Exercise objective:
Tally up the lines below that carry the word "normal", answering with the figure alone.

Records contained in a dataset:
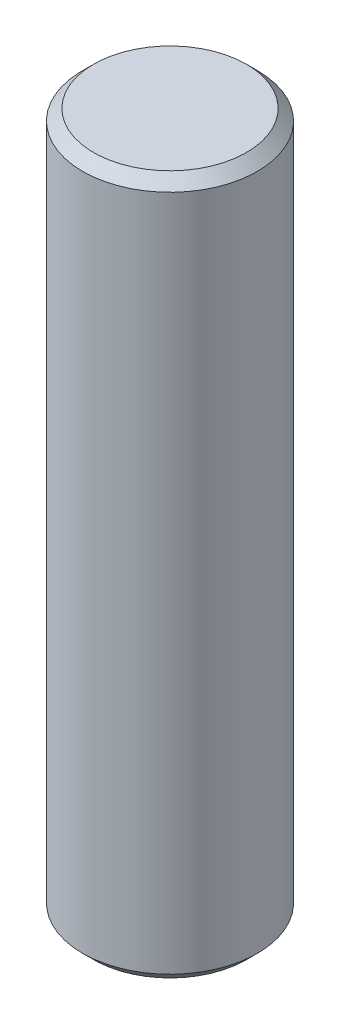
SolidWorks part; units mm, degrees
material "Plain Carbon Steel"
ref_plane "Front Plane" through (0, 0, 0) normal (1, 0, 0) x (0, 1, 0)
ref_plane "Top Plane" through (0, 0, 0) normal (0, 0, 1) x (0, 1, 0)
ref_plane "Right Plane" through (0, 0, 0) normal (0, 1, 0) x (-1, 0, 0)
sketch "Sketch1" plane through (0, 0, 0) normal (1, 0, 0) x (0, 1, 0)
  line L0 (-12.7, 0) -> (12.7, 0)
  line L1 (-12.7, 0) -> (-12.7, 2.7788)
  line L2 (-12.7, 2.7788) -> (-12.3038, 3.175)
  line L3 (-12.3038, 3.175) -> (12.3038, 3.175)
  line L4 (12.3038, 3.175) -> (12.7, 2.7788)
  line L5 (12.7, 2.7788) -> (12.7, 0)
  point P4 (0, 0)
  dimension "D1" = 25.4
  dimension "D2" = 3.175
  dimension "D3" = 45
  dimension "D4" = 0.3962
revolve "Revolve1" add sketch "Sketch1" angle 360 about L0

Response to the exercise:
4